──────── DATA FOR THE TASK

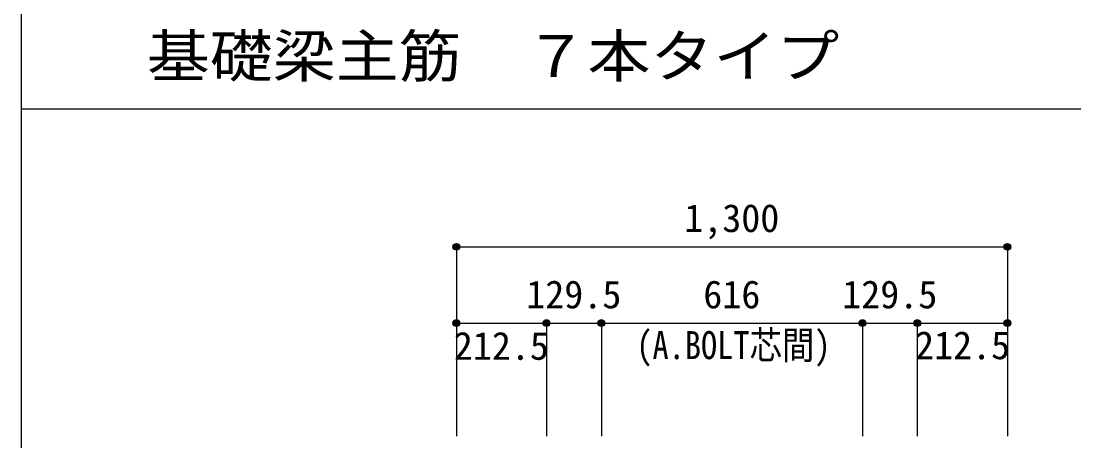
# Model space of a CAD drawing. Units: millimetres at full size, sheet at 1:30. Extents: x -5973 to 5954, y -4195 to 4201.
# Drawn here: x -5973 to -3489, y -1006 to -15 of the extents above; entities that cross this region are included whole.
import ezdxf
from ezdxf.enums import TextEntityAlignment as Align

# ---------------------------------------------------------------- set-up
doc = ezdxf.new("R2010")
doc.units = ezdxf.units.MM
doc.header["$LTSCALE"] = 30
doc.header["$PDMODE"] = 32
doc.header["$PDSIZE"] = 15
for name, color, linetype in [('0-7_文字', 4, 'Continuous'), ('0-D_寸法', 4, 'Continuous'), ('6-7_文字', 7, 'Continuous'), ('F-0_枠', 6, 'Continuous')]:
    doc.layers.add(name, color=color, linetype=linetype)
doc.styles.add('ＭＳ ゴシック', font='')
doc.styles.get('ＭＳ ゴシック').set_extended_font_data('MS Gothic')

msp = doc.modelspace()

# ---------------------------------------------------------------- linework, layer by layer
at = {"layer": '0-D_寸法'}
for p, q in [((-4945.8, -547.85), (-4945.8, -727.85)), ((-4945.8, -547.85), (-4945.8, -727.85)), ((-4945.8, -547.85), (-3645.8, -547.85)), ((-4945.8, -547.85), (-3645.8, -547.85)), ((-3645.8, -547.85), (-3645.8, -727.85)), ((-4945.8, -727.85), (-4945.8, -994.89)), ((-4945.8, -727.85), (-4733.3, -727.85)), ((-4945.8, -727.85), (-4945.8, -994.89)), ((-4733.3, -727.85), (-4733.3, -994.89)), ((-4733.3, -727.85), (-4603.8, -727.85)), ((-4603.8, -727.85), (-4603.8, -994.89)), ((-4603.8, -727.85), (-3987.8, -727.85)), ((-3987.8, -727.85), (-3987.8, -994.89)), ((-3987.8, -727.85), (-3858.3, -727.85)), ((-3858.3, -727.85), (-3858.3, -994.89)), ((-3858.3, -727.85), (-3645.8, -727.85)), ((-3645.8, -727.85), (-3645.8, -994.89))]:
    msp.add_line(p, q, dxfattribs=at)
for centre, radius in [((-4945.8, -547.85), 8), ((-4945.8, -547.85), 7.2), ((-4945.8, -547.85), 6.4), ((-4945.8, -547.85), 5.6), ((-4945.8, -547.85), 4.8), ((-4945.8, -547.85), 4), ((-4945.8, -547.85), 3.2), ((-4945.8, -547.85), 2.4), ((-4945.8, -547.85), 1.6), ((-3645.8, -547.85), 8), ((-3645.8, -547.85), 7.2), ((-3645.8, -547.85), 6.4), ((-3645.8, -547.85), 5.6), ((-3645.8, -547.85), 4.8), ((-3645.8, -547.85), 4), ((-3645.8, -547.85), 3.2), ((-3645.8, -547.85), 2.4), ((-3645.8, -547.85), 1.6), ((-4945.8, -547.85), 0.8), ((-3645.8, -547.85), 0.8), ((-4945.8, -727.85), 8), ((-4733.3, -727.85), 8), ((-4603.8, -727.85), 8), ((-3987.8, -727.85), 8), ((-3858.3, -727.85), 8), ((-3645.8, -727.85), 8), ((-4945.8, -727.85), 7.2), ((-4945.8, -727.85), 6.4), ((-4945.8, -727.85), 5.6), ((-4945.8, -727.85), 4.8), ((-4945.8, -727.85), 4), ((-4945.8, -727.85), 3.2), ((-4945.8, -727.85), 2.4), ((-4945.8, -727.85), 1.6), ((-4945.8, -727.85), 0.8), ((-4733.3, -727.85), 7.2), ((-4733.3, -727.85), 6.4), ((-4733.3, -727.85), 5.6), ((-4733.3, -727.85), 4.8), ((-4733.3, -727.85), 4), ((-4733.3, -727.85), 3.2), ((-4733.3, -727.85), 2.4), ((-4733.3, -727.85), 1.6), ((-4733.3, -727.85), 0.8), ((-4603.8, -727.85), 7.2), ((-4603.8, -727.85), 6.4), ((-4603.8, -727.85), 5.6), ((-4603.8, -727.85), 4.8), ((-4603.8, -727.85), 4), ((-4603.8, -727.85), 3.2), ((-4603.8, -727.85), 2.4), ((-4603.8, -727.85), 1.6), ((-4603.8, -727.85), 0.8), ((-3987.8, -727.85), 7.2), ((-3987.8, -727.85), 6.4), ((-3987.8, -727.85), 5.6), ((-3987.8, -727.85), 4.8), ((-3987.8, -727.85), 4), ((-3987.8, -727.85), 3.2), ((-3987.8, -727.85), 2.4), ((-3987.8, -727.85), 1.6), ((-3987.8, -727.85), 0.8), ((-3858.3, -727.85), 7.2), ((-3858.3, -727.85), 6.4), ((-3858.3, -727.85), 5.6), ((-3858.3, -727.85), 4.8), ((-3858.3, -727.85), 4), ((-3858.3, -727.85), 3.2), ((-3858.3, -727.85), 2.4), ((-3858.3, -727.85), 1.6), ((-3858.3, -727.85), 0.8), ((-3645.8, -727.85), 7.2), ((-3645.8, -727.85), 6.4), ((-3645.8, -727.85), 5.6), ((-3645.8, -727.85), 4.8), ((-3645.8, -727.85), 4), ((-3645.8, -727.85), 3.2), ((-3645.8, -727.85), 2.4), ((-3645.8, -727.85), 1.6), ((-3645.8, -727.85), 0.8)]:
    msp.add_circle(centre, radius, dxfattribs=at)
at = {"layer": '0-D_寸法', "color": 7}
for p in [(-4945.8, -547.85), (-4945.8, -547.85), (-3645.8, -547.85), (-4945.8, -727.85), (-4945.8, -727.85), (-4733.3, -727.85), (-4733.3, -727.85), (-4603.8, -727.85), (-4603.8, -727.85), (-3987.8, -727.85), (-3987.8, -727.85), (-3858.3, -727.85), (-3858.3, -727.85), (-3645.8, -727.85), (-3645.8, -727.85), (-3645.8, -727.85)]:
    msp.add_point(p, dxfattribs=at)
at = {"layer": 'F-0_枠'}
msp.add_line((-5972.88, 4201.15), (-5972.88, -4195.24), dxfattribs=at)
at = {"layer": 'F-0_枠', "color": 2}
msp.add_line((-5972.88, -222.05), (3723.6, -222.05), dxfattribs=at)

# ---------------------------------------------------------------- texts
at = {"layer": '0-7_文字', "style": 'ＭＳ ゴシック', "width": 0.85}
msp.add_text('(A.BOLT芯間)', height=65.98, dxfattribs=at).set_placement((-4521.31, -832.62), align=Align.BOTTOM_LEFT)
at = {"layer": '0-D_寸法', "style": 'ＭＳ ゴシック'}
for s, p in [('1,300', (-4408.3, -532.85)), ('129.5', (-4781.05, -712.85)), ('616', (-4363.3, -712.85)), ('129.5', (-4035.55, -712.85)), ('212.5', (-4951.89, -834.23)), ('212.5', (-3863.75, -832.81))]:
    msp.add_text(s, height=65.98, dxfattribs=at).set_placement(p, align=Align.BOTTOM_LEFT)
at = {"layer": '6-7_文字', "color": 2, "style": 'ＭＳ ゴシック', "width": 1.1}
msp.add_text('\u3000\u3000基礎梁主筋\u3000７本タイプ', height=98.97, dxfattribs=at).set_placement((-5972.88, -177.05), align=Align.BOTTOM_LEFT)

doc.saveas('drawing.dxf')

────────────────

REQUIRED ACTION:
Set the records down again exactly, and omit any picture in them.

SOLUTION:
# Model space of a CAD drawing. Units: millimetres at full size, sheet at 1:30. Extents: x -5973 to 5954, y -4195 to 4201.
# Drawn here: x -5973 to -3489, y -1006 to -15 of the extents above; entities that cross this region are included whole.
import ezdxf
from ezdxf.enums import TextEntityAlignment as Align

# ---------------------------------------------------------------- set-up
doc = ezdxf.new("R2010")
doc.units = ezdxf.units.MM
doc.header["$LTSCALE"] = 30
doc.header["$PDMODE"] = 32
doc.header["$PDSIZE"] = 15
for name, color, linetype in [('0-7_文字', 4, 'Continuous'), ('0-D_寸法', 4, 'Continuous'), ('6-7_文字', 7, 'Continuous'), ('F-0_枠', 6, 'Continuous')]:
    doc.layers.add(name, color=color, linetype=linetype)
doc.styles.add('ＭＳ ゴシック', font='')
doc.styles.get('ＭＳ ゴシック').set_extended_font_data('MS Gothic')

msp = doc.modelspace()

# ---------------------------------------------------------------- linework, layer by layer
at = {"layer": '0-D_寸法'}
for p, q in [((-4945.8, -547.85), (-4945.8, -727.85)), ((-4945.8, -547.85), (-4945.8, -727.85)), ((-4945.8, -547.85), (-3645.8, -547.85)), ((-4945.8, -547.85), (-3645.8, -547.85)), ((-3645.8, -547.85), (-3645.8, -727.85)), ((-4945.8, -727.85), (-4945.8, -994.89)), ((-4945.8, -727.85), (-4733.3, -727.85)), ((-4945.8, -727.85), (-4945.8, -994.89)), ((-4733.3, -727.85), (-4733.3, -994.89)), ((-4733.3, -727.85), (-4603.8, -727.85)), ((-4603.8, -727.85), (-4603.8, -994.89)), ((-4603.8, -727.85), (-3987.8, -727.85)), ((-3987.8, -727.85), (-3987.8, -994.89)), ((-3987.8, -727.85), (-3858.3, -727.85)), ((-3858.3, -727.85), (-3858.3, -994.89)), ((-3858.3, -727.85), (-3645.8, -727.85)), ((-3645.8, -727.85), (-3645.8, -994.89))]:
    msp.add_line(p, q, dxfattribs=at)
for centre, radius in [((-4945.8, -547.85), 8), ((-4945.8, -547.85), 7.2), ((-4945.8, -547.85), 6.4), ((-4945.8, -547.85), 5.6), ((-4945.8, -547.85), 4.8), ((-4945.8, -547.85), 4), ((-4945.8, -547.85), 3.2), ((-4945.8, -547.85), 2.4), ((-4945.8, -547.85), 1.6), ((-3645.8, -547.85), 8), ((-3645.8, -547.85), 7.2), ((-3645.8, -547.85), 6.4), ((-3645.8, -547.85), 5.6), ((-3645.8, -547.85), 4.8), ((-3645.8, -547.85), 4), ((-3645.8, -547.85), 3.2), ((-3645.8, -547.85), 2.4), ((-3645.8, -547.85), 1.6), ((-4945.8, -547.85), 0.8), ((-3645.8, -547.85), 0.8), ((-4945.8, -727.85), 8), ((-4733.3, -727.85), 8), ((-4603.8, -727.85), 8), ((-3987.8, -727.85), 8), ((-3858.3, -727.85), 8), ((-3645.8, -727.85), 8), ((-4945.8, -727.85), 7.2), ((-4945.8, -727.85), 6.4), ((-4945.8, -727.85), 5.6), ((-4945.8, -727.85), 4.8), ((-4945.8, -727.85), 4), ((-4945.8, -727.85), 3.2), ((-4945.8, -727.85), 2.4), ((-4945.8, -727.85), 1.6), ((-4945.8, -727.85), 0.8), ((-4733.3, -727.85), 7.2), ((-4733.3, -727.85), 6.4), ((-4733.3, -727.85), 5.6), ((-4733.3, -727.85), 4.8), ((-4733.3, -727.85), 4), ((-4733.3, -727.85), 3.2), ((-4733.3, -727.85), 2.4), ((-4733.3, -727.85), 1.6), ((-4733.3, -727.85), 0.8), ((-4603.8, -727.85), 7.2), ((-4603.8, -727.85), 6.4), ((-4603.8, -727.85), 5.6), ((-4603.8, -727.85), 4.8), ((-4603.8, -727.85), 4), ((-4603.8, -727.85), 3.2), ((-4603.8, -727.85), 2.4), ((-4603.8, -727.85), 1.6), ((-4603.8, -727.85), 0.8), ((-3987.8, -727.85), 7.2), ((-3987.8, -727.85), 6.4), ((-3987.8, -727.85), 5.6), ((-3987.8, -727.85), 4.8), ((-3987.8, -727.85), 4), ((-3987.8, -727.85), 3.2), ((-3987.8, -727.85), 2.4), ((-3987.8, -727.85), 1.6), ((-3987.8, -727.85), 0.8), ((-3858.3, -727.85), 7.2), ((-3858.3, -727.85), 6.4), ((-3858.3, -727.85), 5.6), ((-3858.3, -727.85), 4.8), ((-3858.3, -727.85), 4), ((-3858.3, -727.85), 3.2), ((-3858.3, -727.85), 2.4), ((-3858.3, -727.85), 1.6), ((-3858.3, -727.85), 0.8), ((-3645.8, -727.85), 7.2), ((-3645.8, -727.85), 6.4), ((-3645.8, -727.85), 5.6), ((-3645.8, -727.85), 4.8), ((-3645.8, -727.85), 4), ((-3645.8, -727.85), 3.2), ((-3645.8, -727.85), 2.4), ((-3645.8, -727.85), 1.6), ((-3645.8, -727.85), 0.8)]:
    msp.add_circle(centre, radius, dxfattribs=at)
at = {"layer": '0-D_寸法', "color": 7}
for p in [(-4945.8, -547.85), (-4945.8, -547.85), (-3645.8, -547.85), (-4945.8, -727.85), (-4945.8, -727.85), (-4733.3, -727.85), (-4733.3, -727.85), (-4603.8, -727.85), (-4603.8, -727.85), (-3987.8, -727.85), (-3987.8, -727.85), (-3858.3, -727.85), (-3858.3, -727.85), (-3645.8, -727.85), (-3645.8, -727.85), (-3645.8, -727.85)]:
    msp.add_point(p, dxfattribs=at)
at = {"layer": 'F-0_枠'}
msp.add_line((-5972.88, 4201.15), (-5972.88, -4195.24), dxfattribs=at)
at = {"layer": 'F-0_枠', "color": 2}
msp.add_line((-5972.88, -222.05), (3723.6, -222.05), dxfattribs=at)

# ---------------------------------------------------------------- texts
at = {"layer": '0-7_文字', "style": 'ＭＳ ゴシック', "width": 0.85}
msp.add_text('(A.BOLT芯間)', height=65.98, dxfattribs=at).set_placement((-4521.31, -832.62), align=Align.BOTTOM_LEFT)
at = {"layer": '0-D_寸法', "style": 'ＭＳ ゴシック'}
for s, p in [('1,300', (-4408.3, -532.85)), ('129.5', (-4781.05, -712.85)), ('616', (-4363.3, -712.85)), ('129.5', (-4035.55, -712.85)), ('212.5', (-4951.89, -834.23)), ('212.5', (-3863.75, -832.81))]:
    msp.add_text(s, height=65.98, dxfattribs=at).set_placement(p, align=Align.BOTTOM_LEFT)
at = {"layer": '6-7_文字', "color": 2, "style": 'ＭＳ ゴシック', "width": 1.1}
msp.add_text('\u3000\u3000基礎梁主筋\u3000７本タイプ', height=98.97, dxfattribs=at).set_placement((-5972.88, -177.05), align=Align.BOTTOM_LEFT)

doc.saveas('drawing.dxf')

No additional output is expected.